The response must reproduce exactly every line of the material below holding the word "routing".

*** Begin section ***

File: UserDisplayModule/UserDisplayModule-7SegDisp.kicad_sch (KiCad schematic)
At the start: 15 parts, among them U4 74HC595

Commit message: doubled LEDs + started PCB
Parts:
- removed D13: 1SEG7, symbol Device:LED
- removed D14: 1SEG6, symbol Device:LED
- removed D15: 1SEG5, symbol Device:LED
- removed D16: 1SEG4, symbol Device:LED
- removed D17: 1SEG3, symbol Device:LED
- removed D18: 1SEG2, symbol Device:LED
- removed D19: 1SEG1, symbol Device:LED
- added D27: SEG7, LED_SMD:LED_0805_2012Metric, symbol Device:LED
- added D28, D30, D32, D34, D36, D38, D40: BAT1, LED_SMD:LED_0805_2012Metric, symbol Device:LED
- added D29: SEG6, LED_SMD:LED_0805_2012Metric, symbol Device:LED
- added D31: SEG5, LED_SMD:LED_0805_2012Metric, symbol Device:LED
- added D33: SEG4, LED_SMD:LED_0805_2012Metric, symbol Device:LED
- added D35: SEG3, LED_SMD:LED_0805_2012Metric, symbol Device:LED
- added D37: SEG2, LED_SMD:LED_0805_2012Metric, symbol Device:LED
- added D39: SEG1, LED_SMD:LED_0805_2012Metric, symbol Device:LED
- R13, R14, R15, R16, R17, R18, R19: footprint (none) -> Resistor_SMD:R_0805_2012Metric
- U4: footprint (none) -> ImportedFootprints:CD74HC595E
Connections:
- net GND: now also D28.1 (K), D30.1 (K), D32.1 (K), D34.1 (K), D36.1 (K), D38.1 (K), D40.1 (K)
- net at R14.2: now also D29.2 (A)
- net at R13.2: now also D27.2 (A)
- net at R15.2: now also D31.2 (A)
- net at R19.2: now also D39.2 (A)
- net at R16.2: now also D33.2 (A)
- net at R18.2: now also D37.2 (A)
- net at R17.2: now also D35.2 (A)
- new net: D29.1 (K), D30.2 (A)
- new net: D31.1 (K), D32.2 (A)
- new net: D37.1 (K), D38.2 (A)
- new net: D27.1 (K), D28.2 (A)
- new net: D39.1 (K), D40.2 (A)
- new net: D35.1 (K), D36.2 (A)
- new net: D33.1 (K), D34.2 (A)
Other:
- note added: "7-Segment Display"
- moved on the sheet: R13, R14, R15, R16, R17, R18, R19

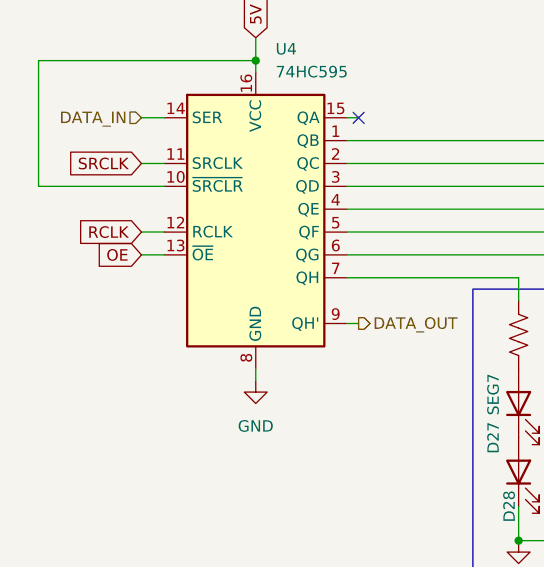
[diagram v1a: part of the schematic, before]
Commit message: finished routing pcb (minus ground pour)
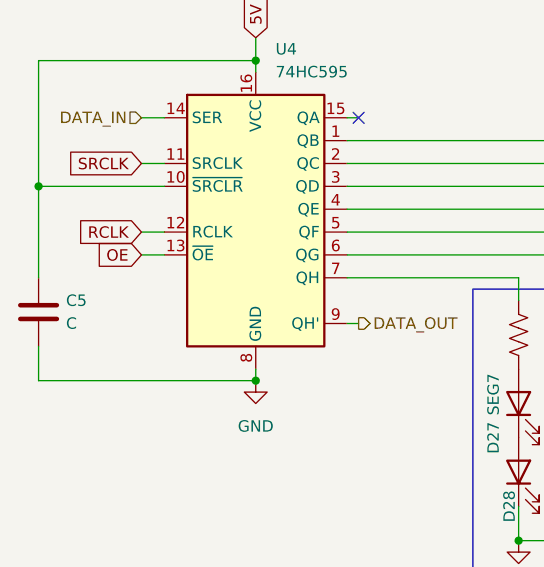
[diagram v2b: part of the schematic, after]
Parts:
- added C5: C, Capacitor_SMD:C_0805_2012Metric, symbol Device:C
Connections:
- net 5V: now also C5.1
- net GND: now also C5.2
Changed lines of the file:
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@@
+	)
+	(junction
+		(at 78.74 62.23)
+		(diameter 0)
+		(color 0 0 0 0)
 	)
 	(junction
@@
 	)
 	(junction
+		(at 102.87 83.82)
+		(diameter 0)
+		(color 0 0 0 0)
+	)
+	(junction
 		(at 132.08 101.6)
 		(diameter 0)
@@
 	(wire
 		(pts
+			(xy 78.74 62.23) (xy 78.74 72.39)
+		)
+		(stroke
+			(width 0)
+			(type default)
+		)
+	)
+	(wire
+		(pts
 			(xy 113.03 54.61) (xy 114.3 54.61)
 		)
@@
 	(wire
 		(pts
+			(xy 78.74 83.82) (xy 102.87 83.82)
+		)
+		(stroke
+			(width 0)
+			(type default)
+		)
+	)
+	(wire
+		(pts
 			(xy 113.03 62.23) (xy 187.96 62.23)
 		)
@@
 		(pts
 			(xy 113.03 57.15) (xy 215.9 57.15)
+		)
+		(stroke
+			(width 0)
+			(type default)
+		)
+	)
+	(wire
+		(pts
+			(xy 78.74 80.01) (xy 78.74 83.82)
 		)
 		(stroke
@@
 					(unit 1)
 				)
+			)
+		)
+	)
+	(symbol
+		(lib_id "Device:C")
+		(at 78.74 76.2 0)
+		(unit 1)
+		(exclude_from_sim no)
+		(in_bom yes)
+		(on_board yes)
+		(dnp no)
+		(property "Reference" "C5"
+			(at 81.788 74.93 0)
+			(effects
+				(font
+					(size 1.27 1.27)
+				)
+				(justify left)
+			)
+		)
+		(property "Value" "C"
+			(at 81.788 77.47 0)
+			(effects
+				(font
+					(size 1.27 1.27)
+				)
+				(justify left)
+			)
+		)
+		(property "Footprint" "Capacitor_SMD:C_0805_2012Metric"
+			(at 79.7052 80.01 0)
+			(effects
+				(font
+					(size 1.27 1.27)
+				)
+				(hide yes)
+			)
+		)
+		(property "Datasheet" "~"
+			(at 78.74 76.2 0)
+			(effects
+				(font
+					(size 1.27 1.27)
+				)
+				(hide yes)
+			)
+		)
+		(property "Description" "Unpolarized capacitor"
+			(at 78.74 76.2 0)
+			(effects
+				(font
+					(size 1.27 1.27)
+				)
+				(hide yes)
+			)
+		)
+		(pin "2"
+		)
+		(pin "1"
+		)
+		(instances
+			(project "UserDisplayModule"
+				(path "/352d7abe-fc72-4473-8b68-62eecf44f496/0028eded-db04-4ec8-8943-95ff11960fa1"
+					(reference "C5")
+					(unit 1)
+				)
+				(path "/352d7abe-fc72-4473-8b68-62eecf44f496/d2d9e71a-442b-4090-b915-11a66e8f5c2a"
+					(reference "C6")
+					(unit 1)
+				)
+				(path "/352d7abe-fc72-4473-8b68-62eecf44f496/9650799d-9072-4dba-8139-3ec1f2ecacfb"
+					(reference "C7")
+					(unit 1)
+				)
+				(path "/352d7abe-fc72-4473-8b68-62eecf44f496/b2dcfe67-b35c-4587-a29d-880113cdb577"
+					(reference "C8")
+					(unit 1)
+				)

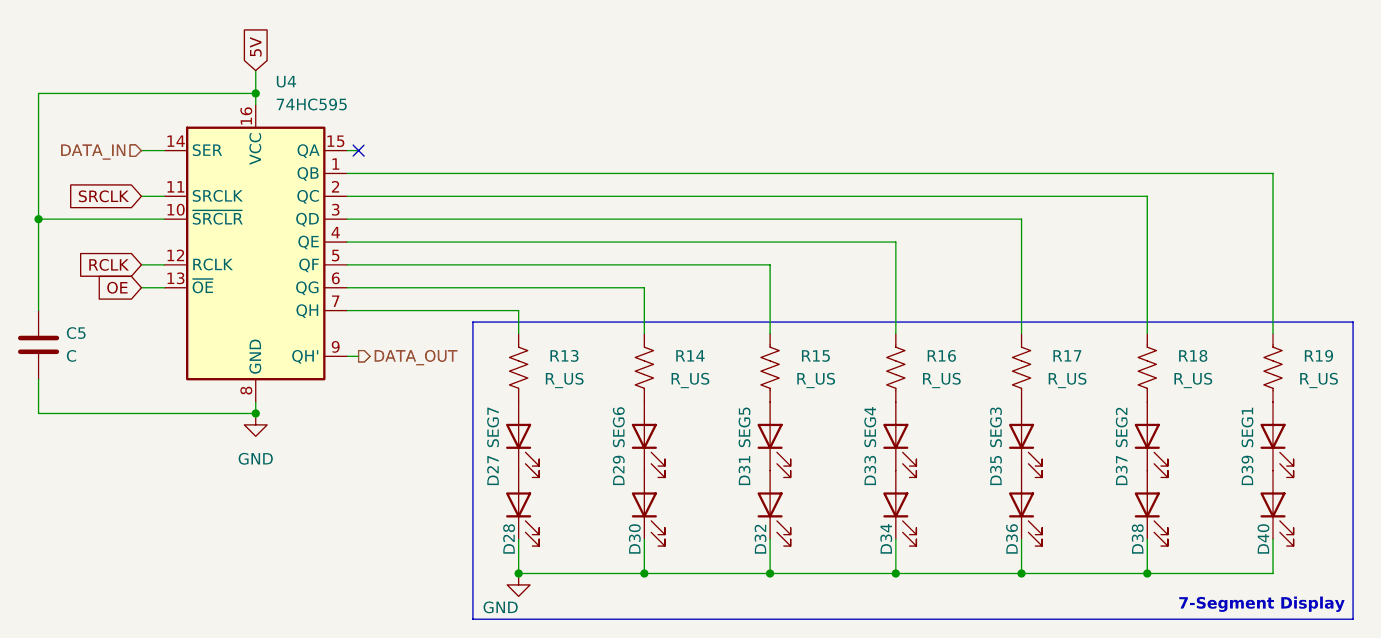
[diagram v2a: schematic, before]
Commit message: added 3d models, fixed footprints, finished routing
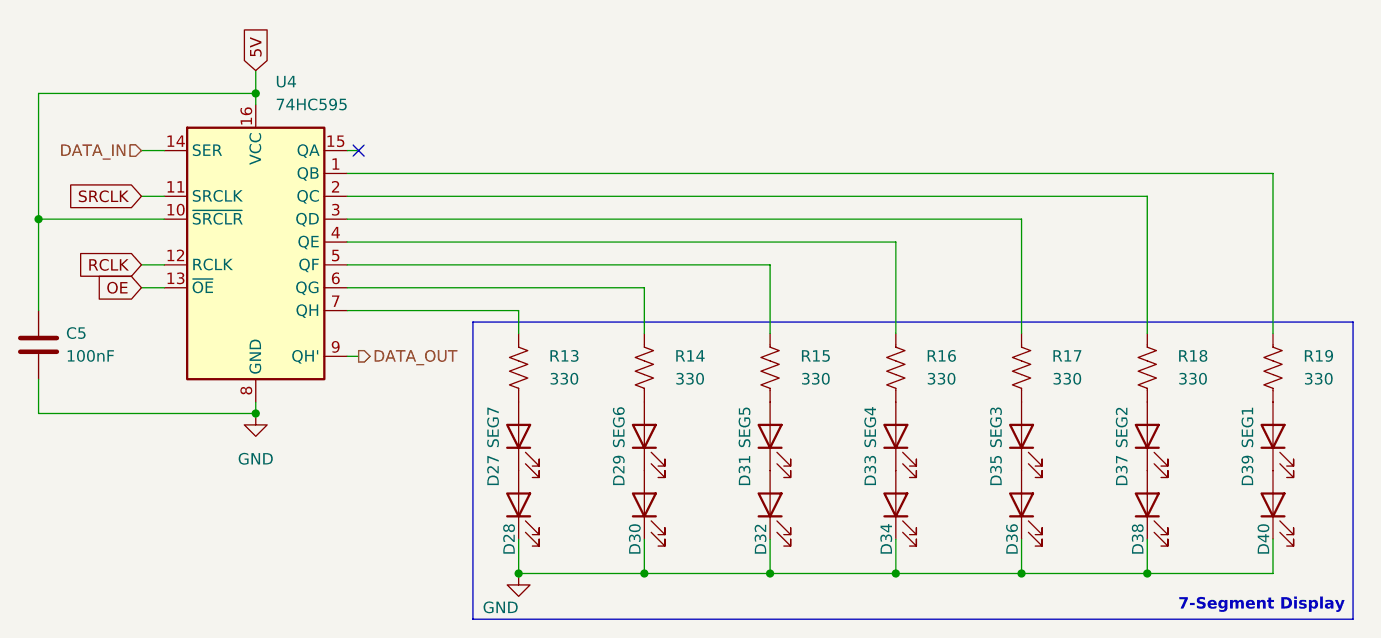
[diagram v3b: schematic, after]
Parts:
- C5: value C -> 100nF
- R13, R14, R15, R16, R17, R18, R19: value R_US -> 330
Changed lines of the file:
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@@
 			)
 		)
-		(property "Value" "R_US"
+		(property "Value" "330"
 			(at 151.13 80.01 0)
 			(effects
@@
 			)
 		)
-		(property "Value" "R_US"
+		(property "Value" "330"
 			(at 137.16 80.01 0)
 			(effects
@@
 			)
 		)
-		(property "Value" "R_US"
+		(property "Value" "330"
 			(at 165.1 80.01 0)
 			(effects
@@
 			)
 		)
-		(property "Value" "R_US"
+		(property "Value" "330"
 			(at 220.98 80.01 0)
 			(effects
@@
 			)
 		)
-		(property "Value" "R_US"
+		(property "Value" "330"
 			(at 179.07 80.01 0)
 			(effects
@@
 			)
 		)
-		(property "Value" "R_US"
+		(property "Value" "330"
 			(at 207.01 80.01 0)
 			(effects
@@
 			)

*** End section ***

> **Expected answer**:
Commit message: finished routing pcb (minus ground pour)
Commit message: added 3d models, fixed footprints, finished routing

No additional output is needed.